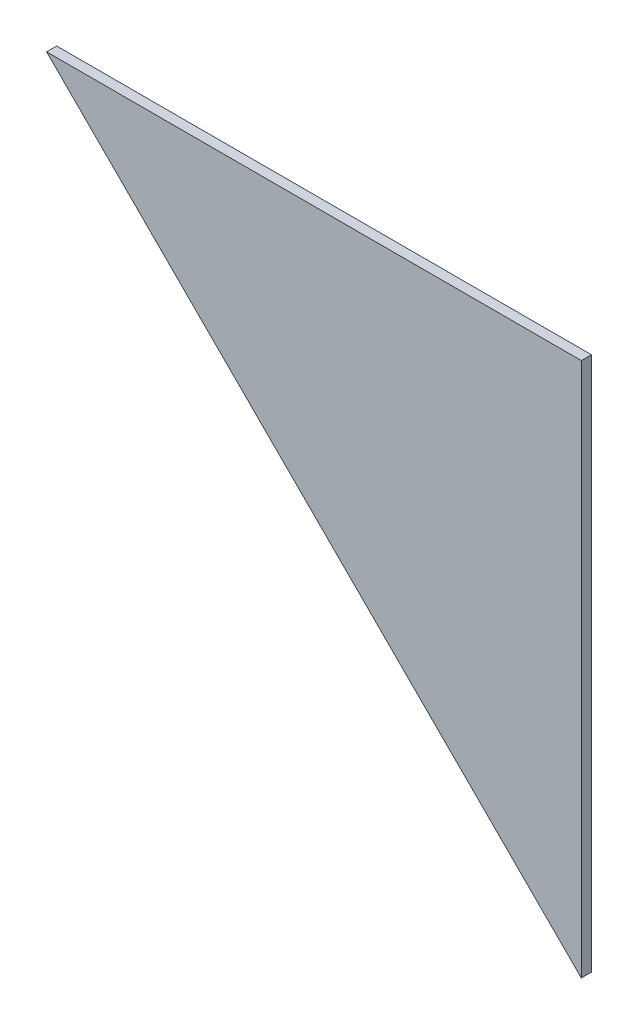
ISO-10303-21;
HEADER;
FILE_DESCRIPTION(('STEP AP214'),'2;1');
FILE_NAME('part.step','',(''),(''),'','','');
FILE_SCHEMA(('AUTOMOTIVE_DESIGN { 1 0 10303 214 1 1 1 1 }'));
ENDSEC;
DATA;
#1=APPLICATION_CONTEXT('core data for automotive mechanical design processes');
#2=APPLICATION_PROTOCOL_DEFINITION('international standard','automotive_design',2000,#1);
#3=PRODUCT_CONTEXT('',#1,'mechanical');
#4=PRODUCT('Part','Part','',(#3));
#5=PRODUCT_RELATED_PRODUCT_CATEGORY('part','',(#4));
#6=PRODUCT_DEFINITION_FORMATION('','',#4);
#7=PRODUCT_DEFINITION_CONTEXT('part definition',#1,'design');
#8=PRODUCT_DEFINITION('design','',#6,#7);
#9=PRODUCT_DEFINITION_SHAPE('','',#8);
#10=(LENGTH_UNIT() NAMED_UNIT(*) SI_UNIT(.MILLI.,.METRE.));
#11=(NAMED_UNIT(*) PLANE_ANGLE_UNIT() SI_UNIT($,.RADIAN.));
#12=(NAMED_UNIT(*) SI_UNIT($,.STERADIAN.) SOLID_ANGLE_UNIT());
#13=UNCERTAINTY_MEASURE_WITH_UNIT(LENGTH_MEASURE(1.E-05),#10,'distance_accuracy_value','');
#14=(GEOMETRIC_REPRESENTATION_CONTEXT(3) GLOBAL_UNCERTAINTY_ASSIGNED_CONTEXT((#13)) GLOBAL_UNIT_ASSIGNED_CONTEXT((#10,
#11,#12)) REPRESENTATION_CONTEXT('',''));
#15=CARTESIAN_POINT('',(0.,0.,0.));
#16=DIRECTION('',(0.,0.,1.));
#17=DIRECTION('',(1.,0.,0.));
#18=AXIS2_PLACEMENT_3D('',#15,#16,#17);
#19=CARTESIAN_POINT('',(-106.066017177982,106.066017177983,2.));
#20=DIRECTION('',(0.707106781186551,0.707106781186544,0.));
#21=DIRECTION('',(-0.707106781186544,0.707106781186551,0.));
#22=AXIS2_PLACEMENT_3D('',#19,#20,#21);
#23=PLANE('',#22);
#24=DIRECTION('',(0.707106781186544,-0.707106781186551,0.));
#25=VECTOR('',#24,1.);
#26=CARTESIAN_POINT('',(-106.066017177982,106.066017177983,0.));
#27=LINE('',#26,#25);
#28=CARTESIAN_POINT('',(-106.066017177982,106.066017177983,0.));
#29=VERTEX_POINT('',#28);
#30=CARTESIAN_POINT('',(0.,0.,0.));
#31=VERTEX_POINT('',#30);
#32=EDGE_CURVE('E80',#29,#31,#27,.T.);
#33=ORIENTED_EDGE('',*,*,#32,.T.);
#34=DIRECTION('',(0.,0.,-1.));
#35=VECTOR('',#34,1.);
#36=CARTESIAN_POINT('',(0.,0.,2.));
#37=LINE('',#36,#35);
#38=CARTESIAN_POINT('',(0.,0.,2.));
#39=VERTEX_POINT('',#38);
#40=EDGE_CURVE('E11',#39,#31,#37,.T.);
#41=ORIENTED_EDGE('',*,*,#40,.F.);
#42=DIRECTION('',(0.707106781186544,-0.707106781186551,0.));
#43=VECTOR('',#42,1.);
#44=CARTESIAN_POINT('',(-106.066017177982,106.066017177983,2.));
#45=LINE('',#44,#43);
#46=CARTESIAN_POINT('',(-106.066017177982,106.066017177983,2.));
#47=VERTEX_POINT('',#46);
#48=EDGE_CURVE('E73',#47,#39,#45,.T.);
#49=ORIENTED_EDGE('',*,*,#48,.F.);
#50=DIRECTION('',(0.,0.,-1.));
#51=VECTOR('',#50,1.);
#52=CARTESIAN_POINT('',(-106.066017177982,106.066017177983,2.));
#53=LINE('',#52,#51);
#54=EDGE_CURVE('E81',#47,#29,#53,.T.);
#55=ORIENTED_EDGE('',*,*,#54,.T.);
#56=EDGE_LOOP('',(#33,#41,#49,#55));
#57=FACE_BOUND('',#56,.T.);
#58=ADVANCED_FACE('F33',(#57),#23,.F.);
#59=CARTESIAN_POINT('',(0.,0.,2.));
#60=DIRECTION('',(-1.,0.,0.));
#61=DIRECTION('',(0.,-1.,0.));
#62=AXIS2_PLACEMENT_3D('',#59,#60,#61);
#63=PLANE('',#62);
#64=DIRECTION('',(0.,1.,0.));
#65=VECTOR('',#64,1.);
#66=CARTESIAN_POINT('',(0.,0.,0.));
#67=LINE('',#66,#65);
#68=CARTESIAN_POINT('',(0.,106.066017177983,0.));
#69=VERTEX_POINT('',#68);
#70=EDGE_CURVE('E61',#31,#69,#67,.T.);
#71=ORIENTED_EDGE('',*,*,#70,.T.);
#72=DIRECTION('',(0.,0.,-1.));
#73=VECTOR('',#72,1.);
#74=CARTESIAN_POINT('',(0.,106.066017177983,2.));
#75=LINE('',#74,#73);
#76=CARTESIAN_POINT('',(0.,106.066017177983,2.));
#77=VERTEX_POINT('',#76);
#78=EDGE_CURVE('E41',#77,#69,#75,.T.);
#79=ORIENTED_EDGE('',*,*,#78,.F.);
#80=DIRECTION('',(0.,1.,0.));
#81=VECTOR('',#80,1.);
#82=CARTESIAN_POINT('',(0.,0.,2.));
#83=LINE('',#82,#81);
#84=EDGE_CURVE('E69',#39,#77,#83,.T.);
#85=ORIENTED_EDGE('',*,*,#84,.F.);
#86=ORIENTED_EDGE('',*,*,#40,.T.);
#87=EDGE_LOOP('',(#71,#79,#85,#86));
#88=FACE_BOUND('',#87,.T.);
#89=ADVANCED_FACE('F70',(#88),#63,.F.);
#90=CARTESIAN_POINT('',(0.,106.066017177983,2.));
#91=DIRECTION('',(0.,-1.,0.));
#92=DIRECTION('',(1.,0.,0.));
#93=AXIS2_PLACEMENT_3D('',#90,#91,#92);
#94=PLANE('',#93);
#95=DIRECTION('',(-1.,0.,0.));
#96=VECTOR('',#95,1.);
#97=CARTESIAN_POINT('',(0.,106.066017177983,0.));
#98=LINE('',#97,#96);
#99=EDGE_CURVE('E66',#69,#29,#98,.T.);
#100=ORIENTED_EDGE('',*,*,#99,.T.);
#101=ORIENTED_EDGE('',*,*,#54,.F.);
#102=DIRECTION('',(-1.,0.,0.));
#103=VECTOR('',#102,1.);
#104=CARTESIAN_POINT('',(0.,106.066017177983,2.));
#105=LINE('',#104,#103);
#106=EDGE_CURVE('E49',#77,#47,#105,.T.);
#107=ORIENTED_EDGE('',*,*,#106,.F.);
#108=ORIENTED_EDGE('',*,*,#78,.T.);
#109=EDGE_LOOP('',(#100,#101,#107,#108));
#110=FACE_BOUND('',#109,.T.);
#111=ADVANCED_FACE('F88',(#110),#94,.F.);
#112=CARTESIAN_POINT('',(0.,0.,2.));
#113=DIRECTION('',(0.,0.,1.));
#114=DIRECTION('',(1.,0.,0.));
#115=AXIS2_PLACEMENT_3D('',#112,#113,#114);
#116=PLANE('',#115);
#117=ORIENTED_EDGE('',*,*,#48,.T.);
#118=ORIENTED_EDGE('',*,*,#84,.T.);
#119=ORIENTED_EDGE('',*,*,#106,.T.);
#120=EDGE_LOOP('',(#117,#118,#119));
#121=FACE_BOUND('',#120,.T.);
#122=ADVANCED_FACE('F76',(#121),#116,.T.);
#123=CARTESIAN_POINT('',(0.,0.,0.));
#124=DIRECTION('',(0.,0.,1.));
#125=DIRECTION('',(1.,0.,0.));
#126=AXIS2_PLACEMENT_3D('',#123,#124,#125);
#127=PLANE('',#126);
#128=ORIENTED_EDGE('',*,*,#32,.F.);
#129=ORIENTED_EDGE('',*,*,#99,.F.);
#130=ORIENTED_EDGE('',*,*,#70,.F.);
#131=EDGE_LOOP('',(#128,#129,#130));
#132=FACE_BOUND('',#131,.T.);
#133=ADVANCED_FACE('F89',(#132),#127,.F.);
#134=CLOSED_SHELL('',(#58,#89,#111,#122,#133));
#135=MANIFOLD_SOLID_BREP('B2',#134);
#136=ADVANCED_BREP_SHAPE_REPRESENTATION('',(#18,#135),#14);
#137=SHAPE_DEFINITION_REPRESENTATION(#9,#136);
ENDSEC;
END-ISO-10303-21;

WHAT IS BEING ASKED | Copy out the lines of the data where the string "VECTOR" occurs.

ANSWER TO THIS EXERCISE |
#25=VECTOR('',#24,1.);
#35=VECTOR('',#34,1.);
#43=VECTOR('',#42,1.);
#51=VECTOR('',#50,1.);
#65=VECTOR('',#64,1.);
#73=VECTOR('',#72,1.);
#81=VECTOR('',#80,1.);
#96=VECTOR('',#95,1.);
#103=VECTOR('',#102,1.);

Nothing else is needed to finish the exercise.